AIM OF THE EXERCISE — Two lines in the data below mark the range: the one with "#38=CARTESIAN_POINT('',(0.,0.,317.5));" and the one with "#86=ORIENTED_EDGE('',*,*,#40,.T.);". Return both, along with every line between them, exactly.

PROVIDED RECORDS —

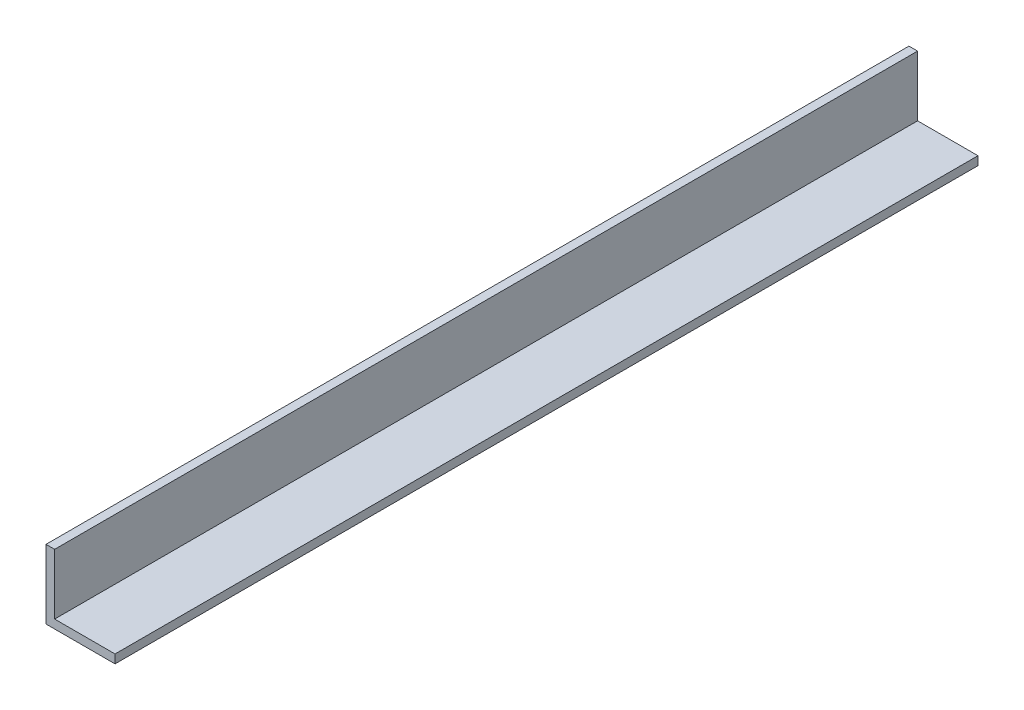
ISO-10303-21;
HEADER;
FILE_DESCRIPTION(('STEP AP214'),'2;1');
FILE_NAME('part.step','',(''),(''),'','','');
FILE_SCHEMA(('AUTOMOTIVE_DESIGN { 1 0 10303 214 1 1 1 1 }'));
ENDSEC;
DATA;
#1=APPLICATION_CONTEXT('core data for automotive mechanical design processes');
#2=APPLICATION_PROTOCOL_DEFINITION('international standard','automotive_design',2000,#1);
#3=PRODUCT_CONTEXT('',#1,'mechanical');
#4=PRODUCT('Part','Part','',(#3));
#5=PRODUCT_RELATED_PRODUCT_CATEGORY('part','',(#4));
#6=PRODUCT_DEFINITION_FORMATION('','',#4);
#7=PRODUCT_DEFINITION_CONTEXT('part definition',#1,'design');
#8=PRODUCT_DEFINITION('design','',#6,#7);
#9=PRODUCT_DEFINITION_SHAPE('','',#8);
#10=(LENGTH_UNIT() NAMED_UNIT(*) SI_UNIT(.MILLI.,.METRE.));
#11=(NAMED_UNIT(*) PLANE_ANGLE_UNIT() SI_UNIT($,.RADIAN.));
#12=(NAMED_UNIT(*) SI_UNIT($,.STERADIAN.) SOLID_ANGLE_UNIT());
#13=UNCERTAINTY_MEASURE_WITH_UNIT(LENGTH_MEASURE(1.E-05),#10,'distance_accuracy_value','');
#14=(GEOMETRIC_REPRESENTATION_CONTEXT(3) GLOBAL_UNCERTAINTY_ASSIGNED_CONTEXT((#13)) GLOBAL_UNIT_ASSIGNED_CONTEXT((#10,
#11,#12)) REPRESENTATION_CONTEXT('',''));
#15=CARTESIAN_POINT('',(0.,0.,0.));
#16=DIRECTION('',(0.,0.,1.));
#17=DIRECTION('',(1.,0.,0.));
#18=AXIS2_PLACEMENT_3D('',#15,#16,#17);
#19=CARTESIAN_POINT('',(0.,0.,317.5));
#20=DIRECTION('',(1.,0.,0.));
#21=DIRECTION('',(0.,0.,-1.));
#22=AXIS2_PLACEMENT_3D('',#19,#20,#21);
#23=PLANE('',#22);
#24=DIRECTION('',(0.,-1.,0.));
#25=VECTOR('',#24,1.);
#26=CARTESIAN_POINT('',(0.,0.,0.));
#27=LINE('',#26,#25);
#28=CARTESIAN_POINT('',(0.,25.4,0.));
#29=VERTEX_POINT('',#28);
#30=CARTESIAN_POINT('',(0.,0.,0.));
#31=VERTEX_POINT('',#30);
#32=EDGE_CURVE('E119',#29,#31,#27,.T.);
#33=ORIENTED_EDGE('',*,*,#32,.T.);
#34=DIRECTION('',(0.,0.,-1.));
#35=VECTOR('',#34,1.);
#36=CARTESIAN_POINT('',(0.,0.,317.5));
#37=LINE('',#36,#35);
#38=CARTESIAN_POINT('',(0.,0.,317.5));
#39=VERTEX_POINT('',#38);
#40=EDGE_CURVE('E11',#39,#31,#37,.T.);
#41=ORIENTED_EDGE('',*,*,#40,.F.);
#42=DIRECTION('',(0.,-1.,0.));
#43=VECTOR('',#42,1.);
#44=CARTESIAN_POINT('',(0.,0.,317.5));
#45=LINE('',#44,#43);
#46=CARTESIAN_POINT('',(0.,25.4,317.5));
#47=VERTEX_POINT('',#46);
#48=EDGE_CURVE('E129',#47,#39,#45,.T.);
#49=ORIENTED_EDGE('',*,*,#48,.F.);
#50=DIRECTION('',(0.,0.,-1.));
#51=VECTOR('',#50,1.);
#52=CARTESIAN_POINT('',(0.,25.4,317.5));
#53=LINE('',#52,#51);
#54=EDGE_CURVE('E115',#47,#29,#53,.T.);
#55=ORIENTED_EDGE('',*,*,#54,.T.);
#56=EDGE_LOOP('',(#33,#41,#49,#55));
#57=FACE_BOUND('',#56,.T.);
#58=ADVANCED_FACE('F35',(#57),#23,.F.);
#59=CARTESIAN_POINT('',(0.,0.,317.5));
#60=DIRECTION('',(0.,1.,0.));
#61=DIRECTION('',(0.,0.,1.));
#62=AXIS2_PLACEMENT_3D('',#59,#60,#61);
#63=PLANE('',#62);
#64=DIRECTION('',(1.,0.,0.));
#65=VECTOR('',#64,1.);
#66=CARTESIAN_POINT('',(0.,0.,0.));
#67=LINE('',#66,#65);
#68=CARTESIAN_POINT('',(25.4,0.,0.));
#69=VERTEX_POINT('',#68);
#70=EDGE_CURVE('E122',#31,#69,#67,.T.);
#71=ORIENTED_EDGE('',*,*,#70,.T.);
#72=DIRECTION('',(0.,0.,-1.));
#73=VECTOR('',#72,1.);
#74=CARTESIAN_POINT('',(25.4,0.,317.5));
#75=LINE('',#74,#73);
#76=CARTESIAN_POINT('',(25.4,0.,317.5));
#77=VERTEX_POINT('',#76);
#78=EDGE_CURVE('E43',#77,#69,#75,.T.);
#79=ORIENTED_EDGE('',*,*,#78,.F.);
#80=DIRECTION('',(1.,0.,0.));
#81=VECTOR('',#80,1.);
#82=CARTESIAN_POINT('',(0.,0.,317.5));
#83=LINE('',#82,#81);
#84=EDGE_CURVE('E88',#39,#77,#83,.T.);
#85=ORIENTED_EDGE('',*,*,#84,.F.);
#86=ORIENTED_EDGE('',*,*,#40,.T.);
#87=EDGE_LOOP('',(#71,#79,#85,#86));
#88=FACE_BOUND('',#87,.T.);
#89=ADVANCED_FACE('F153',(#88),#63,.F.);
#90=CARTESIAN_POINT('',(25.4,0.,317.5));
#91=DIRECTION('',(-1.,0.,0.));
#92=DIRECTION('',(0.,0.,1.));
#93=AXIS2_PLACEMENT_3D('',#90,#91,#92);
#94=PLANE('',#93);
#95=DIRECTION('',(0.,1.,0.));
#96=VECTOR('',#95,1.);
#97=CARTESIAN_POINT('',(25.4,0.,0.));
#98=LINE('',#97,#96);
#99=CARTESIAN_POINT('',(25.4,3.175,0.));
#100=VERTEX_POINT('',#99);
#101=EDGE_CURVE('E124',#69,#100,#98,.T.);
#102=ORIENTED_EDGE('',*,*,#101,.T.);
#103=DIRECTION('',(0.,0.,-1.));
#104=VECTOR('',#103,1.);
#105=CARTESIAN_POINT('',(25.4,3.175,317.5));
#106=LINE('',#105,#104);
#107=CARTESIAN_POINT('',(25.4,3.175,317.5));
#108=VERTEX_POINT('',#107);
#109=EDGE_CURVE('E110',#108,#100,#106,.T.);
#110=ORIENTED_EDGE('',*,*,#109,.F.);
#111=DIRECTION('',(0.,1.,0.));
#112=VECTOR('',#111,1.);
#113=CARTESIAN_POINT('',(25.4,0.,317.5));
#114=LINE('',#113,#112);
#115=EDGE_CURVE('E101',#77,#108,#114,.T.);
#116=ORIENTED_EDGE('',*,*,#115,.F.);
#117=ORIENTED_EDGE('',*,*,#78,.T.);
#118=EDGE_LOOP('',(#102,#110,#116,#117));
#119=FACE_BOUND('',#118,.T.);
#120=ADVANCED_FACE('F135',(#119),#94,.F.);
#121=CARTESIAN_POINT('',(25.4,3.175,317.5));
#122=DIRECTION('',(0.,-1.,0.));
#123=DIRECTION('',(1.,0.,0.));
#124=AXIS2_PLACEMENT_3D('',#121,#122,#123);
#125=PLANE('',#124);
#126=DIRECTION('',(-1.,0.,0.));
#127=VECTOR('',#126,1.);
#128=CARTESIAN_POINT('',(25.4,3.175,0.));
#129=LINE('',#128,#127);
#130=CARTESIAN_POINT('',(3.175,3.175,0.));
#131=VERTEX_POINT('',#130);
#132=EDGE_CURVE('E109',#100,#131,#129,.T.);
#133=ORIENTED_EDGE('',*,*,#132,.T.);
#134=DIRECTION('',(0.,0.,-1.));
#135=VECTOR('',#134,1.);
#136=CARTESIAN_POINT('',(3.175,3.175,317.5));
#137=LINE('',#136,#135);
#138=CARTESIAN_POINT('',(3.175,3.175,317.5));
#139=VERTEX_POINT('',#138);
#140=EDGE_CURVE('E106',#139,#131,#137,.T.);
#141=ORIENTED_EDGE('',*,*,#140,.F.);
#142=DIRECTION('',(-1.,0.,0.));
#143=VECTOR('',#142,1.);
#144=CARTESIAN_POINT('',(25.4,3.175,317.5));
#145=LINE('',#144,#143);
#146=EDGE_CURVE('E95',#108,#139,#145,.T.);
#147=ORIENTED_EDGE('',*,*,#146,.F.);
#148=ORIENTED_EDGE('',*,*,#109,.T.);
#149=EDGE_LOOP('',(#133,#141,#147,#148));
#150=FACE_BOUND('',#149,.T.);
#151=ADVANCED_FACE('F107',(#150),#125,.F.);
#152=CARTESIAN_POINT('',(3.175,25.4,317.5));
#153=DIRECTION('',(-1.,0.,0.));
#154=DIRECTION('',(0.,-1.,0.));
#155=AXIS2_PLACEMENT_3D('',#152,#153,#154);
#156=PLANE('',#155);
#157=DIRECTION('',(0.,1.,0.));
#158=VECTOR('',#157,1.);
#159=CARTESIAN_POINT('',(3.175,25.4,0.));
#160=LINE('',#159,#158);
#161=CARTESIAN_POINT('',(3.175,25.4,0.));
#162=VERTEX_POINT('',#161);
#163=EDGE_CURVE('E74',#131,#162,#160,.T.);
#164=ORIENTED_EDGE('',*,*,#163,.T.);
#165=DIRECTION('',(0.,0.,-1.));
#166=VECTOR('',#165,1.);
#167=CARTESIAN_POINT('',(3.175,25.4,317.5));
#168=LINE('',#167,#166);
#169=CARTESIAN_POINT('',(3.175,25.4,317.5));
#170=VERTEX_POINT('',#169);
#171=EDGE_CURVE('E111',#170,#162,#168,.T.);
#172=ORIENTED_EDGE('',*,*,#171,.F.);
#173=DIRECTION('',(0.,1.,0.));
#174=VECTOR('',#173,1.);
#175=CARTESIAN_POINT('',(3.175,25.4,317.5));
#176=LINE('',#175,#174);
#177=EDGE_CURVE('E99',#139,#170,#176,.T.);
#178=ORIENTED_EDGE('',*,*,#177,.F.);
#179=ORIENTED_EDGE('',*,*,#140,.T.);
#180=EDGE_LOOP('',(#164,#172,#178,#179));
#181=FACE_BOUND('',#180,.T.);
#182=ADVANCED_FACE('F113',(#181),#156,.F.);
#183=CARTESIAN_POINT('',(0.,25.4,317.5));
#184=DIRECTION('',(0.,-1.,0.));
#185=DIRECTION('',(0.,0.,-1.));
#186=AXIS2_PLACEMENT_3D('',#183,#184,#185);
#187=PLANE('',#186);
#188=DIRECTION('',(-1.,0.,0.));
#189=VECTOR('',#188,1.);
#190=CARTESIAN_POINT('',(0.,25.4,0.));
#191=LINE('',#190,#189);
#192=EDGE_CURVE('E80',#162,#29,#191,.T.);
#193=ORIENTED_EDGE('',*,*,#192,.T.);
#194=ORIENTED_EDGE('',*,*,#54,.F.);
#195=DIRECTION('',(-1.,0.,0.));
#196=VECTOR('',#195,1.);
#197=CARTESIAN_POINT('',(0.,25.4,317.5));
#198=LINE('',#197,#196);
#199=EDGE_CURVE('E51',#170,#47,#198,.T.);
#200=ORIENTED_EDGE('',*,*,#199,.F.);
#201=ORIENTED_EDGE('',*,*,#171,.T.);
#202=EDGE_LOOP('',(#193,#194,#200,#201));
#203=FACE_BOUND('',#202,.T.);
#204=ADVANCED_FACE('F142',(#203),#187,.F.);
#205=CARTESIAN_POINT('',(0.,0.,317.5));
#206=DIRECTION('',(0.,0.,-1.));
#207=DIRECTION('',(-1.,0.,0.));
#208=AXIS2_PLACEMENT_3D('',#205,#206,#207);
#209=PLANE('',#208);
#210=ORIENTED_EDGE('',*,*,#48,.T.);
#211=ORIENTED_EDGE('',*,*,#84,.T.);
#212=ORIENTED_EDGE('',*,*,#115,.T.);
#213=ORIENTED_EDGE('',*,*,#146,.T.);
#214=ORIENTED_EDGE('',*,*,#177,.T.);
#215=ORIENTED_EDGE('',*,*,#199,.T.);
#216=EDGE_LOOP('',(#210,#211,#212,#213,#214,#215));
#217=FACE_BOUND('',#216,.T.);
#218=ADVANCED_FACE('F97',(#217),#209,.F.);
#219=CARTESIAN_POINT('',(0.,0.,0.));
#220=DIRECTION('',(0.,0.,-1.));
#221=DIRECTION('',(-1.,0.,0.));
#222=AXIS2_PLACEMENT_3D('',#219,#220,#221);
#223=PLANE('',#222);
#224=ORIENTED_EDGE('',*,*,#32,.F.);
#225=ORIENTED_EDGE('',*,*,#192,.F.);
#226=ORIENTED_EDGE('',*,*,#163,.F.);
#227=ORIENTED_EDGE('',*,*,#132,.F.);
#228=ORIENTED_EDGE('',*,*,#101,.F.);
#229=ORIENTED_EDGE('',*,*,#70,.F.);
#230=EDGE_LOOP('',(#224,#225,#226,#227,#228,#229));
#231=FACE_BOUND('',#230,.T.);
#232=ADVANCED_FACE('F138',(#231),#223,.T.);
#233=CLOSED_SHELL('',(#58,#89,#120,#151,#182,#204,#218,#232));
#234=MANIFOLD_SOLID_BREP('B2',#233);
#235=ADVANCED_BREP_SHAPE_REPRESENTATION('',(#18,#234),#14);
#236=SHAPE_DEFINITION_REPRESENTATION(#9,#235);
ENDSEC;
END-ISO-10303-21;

EXERCISE SOLUTION —
#38=CARTESIAN_POINT('',(0.,0.,317.5));
#39=VERTEX_POINT('',#38);
#40=EDGE_CURVE('E11',#39,#31,#37,.T.);
#41=ORIENTED_EDGE('',*,*,#40,.F.);
#42=DIRECTION('',(0.,-1.,0.));
#43=VECTOR('',#42,1.);
#44=CARTESIAN_POINT('',(0.,0.,317.5));
#45=LINE('',#44,#43);
#46=CARTESIAN_POINT('',(0.,25.4,317.5));
#47=VERTEX_POINT('',#46);
#48=EDGE_CURVE('E129',#47,#39,#45,.T.);
#49=ORIENTED_EDGE('',*,*,#48,.F.);
#50=DIRECTION('',(0.,0.,-1.));
#51=VECTOR('',#50,1.);
#52=CARTESIAN_POINT('',(0.,25.4,317.5));
#53=LINE('',#52,#51);
#54=EDGE_CURVE('E115',#47,#29,#53,.T.);
#55=ORIENTED_EDGE('',*,*,#54,.T.);
#56=EDGE_LOOP('',(#33,#41,#49,#55));
#57=FACE_BOUND('',#56,.T.);
#58=ADVANCED_FACE('F35',(#57),#23,.F.);
#59=CARTESIAN_POINT('',(0.,0.,317.5));
#60=DIRECTION('',(0.,1.,0.));
#61=DIRECTION('',(0.,0.,1.));
#62=AXIS2_PLACEMENT_3D('',#59,#60,#61);
#63=PLANE('',#62);
#64=DIRECTION('',(1.,0.,0.));
#65=VECTOR('',#64,1.);
#66=CARTESIAN_POINT('',(0.,0.,0.));
#67=LINE('',#66,#65);
#68=CARTESIAN_POINT('',(25.4,0.,0.));
#69=VERTEX_POINT('',#68);
#70=EDGE_CURVE('E122',#31,#69,#67,.T.);
#71=ORIENTED_EDGE('',*,*,#70,.T.);
#72=DIRECTION('',(0.,0.,-1.));
#73=VECTOR('',#72,1.);
#74=CARTESIAN_POINT('',(25.4,0.,317.5));
#75=LINE('',#74,#73);
#76=CARTESIAN_POINT('',(25.4,0.,317.5));
#77=VERTEX_POINT('',#76);
#78=EDGE_CURVE('E43',#77,#69,#75,.T.);
#79=ORIENTED_EDGE('',*,*,#78,.F.);
#80=DIRECTION('',(1.,0.,0.));
#81=VECTOR('',#80,1.);
#82=CARTESIAN_POINT('',(0.,0.,317.5));
#83=LINE('',#82,#81);
#84=EDGE_CURVE('E88',#39,#77,#83,.T.);
#85=ORIENTED_EDGE('',*,*,#84,.F.);
#86=ORIENTED_EDGE('',*,*,#40,.T.);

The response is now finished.